Data for this task ::
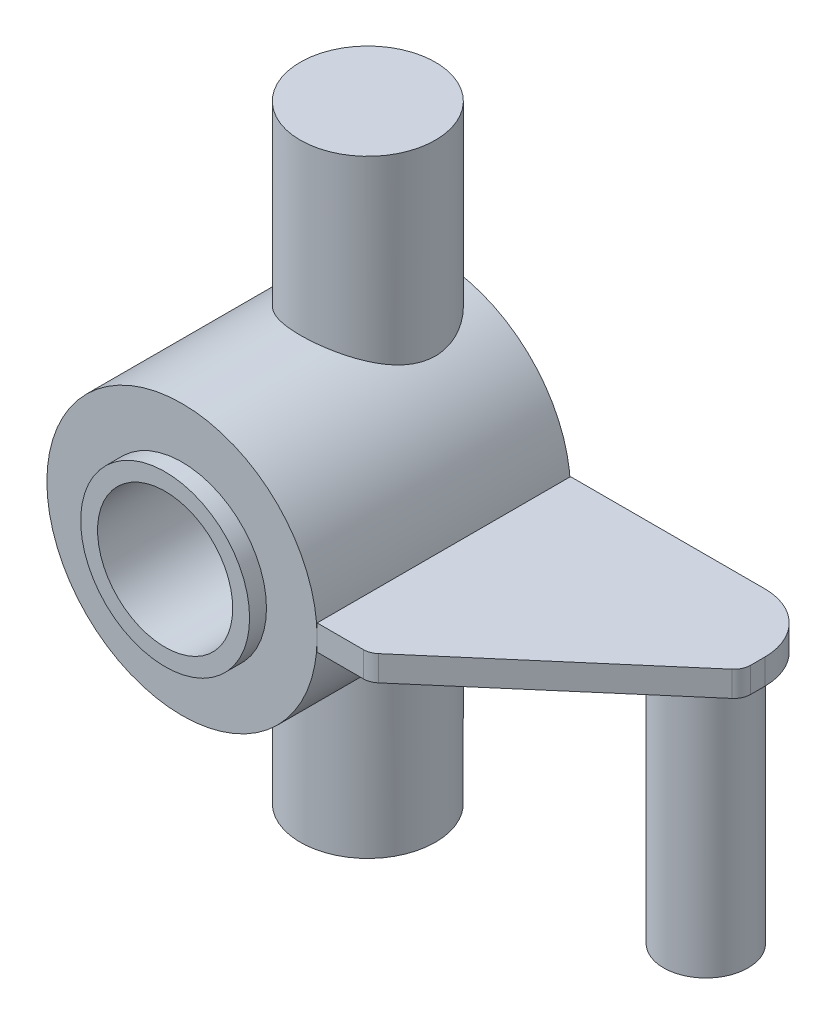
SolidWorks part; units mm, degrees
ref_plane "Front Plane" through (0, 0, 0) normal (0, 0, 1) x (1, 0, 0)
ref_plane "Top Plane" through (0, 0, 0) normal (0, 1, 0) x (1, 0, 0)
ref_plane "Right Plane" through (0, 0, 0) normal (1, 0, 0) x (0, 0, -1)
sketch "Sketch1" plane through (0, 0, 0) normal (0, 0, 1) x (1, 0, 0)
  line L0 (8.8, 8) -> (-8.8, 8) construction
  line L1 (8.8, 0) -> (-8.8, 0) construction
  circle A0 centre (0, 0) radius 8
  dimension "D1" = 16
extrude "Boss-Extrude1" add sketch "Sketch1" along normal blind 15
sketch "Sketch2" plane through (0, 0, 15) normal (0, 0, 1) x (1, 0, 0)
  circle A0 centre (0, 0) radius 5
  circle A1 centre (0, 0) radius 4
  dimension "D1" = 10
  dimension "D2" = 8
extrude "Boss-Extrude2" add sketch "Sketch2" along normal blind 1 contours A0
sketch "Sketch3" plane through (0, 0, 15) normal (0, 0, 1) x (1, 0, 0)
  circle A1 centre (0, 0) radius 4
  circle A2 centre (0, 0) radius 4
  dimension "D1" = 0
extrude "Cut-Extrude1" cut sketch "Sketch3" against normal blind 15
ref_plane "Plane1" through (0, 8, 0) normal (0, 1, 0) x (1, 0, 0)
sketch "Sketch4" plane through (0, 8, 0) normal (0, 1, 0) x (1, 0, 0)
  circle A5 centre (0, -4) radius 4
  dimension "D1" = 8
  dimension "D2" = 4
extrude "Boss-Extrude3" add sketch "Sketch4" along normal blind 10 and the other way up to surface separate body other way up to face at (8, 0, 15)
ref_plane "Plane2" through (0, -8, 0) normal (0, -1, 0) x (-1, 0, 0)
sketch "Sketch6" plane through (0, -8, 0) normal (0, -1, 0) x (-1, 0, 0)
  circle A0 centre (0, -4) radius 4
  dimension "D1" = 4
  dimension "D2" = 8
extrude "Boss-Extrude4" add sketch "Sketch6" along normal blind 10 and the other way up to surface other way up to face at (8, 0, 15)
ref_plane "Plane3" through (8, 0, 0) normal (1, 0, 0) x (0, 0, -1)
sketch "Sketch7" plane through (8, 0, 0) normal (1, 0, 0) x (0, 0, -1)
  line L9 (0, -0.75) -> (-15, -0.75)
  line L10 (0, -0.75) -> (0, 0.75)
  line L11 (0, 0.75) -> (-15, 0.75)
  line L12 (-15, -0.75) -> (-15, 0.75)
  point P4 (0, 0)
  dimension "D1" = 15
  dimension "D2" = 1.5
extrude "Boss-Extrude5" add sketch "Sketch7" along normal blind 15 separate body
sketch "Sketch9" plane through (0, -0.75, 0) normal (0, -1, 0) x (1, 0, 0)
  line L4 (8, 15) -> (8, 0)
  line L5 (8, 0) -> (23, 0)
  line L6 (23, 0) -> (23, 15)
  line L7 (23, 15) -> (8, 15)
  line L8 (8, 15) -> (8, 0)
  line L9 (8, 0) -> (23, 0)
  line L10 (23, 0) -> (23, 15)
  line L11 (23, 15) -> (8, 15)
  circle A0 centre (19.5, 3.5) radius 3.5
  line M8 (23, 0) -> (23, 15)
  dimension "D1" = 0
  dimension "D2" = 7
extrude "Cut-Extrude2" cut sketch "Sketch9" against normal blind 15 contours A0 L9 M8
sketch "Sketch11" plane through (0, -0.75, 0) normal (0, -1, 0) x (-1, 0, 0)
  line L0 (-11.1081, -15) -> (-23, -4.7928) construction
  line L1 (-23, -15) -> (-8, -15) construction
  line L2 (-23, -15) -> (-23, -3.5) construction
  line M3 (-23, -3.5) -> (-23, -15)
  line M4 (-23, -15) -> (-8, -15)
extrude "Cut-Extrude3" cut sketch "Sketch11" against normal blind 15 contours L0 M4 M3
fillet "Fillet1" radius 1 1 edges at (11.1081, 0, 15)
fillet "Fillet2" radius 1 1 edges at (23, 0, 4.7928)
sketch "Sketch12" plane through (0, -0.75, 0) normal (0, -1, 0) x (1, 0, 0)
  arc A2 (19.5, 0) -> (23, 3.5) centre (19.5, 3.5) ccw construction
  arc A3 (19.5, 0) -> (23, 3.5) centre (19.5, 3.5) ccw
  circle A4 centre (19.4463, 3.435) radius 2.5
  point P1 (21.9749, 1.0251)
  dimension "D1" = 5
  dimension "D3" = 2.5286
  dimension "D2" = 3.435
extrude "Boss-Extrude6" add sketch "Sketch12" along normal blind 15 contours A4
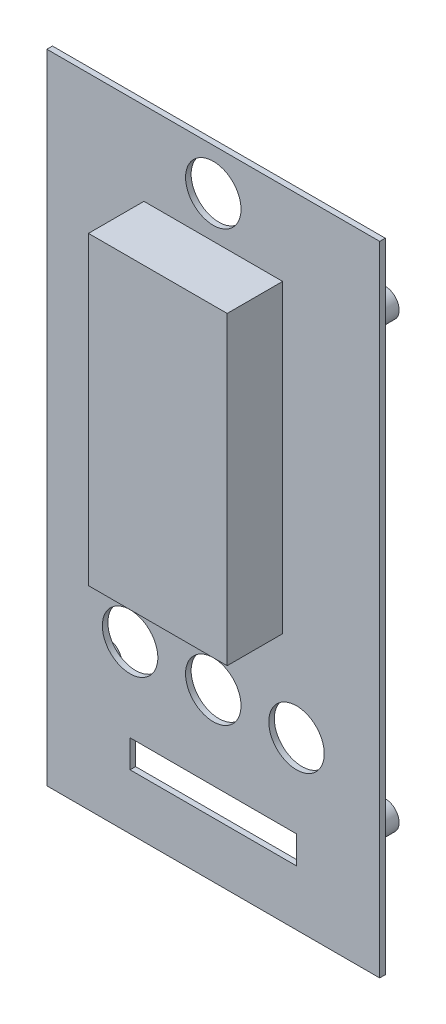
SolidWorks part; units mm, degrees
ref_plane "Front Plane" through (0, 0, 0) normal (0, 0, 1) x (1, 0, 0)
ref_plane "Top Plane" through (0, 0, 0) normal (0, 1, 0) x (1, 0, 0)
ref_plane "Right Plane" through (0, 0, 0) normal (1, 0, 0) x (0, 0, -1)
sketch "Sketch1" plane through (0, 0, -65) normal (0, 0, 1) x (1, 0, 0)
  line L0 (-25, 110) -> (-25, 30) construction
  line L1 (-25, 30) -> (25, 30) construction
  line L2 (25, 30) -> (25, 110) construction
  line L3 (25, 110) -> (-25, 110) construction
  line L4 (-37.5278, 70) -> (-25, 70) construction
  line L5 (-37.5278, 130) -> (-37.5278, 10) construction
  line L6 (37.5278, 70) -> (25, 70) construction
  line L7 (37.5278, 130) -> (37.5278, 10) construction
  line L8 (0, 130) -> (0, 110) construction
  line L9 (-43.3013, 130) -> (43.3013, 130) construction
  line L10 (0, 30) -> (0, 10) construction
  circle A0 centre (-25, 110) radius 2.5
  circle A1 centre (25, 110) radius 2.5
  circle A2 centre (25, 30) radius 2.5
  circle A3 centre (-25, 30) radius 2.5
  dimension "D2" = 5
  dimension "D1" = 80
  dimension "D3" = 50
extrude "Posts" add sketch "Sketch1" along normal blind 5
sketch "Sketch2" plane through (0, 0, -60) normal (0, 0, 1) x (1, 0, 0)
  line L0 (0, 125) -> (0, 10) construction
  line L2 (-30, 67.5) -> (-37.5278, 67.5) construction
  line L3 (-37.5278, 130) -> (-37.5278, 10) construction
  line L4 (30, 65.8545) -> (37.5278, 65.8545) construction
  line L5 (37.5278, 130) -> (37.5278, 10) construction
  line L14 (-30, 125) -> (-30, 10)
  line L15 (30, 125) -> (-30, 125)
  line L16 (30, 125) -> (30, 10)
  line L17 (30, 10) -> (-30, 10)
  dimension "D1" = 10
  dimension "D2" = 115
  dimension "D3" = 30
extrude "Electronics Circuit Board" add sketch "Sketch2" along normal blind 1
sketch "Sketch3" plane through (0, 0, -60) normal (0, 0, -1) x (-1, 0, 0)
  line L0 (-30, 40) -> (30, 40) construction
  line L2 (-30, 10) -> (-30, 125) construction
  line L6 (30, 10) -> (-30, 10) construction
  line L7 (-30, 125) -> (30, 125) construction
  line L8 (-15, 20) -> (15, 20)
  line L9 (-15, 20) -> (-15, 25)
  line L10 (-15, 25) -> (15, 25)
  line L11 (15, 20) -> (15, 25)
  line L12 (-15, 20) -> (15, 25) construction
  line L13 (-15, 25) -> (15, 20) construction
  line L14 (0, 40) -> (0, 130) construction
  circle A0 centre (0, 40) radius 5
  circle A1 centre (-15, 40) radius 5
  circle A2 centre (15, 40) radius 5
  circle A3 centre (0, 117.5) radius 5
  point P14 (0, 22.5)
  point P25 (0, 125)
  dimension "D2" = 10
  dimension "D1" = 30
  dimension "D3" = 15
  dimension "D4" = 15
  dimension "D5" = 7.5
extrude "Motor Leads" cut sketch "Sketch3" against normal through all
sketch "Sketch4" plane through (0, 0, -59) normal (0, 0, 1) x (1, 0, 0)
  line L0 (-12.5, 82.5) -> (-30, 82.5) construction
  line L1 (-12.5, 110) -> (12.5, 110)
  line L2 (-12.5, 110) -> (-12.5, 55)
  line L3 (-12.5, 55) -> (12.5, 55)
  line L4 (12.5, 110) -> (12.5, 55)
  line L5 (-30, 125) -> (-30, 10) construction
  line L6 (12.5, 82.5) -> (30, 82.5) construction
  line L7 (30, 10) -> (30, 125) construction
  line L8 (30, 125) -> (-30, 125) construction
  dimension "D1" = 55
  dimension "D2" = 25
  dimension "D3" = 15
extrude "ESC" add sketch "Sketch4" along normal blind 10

What you will do ::
Beginning with the line that contains "line L6 (12.5, 82.5)", quote each line exactly through the last line of the entries above, and nothing beyond them.

Output of the exercise ::
  line L6 (12.5, 82.5) -> (30, 82.5) construction
  line L7 (30, 10) -> (30, 125) construction
  line L8 (30, 125) -> (-30, 125) construction
  dimension "D1" = 55
  dimension "D2" = 25
  dimension "D3" = 15
extrude "ESC" add sketch "Sketch4" along normal blind 10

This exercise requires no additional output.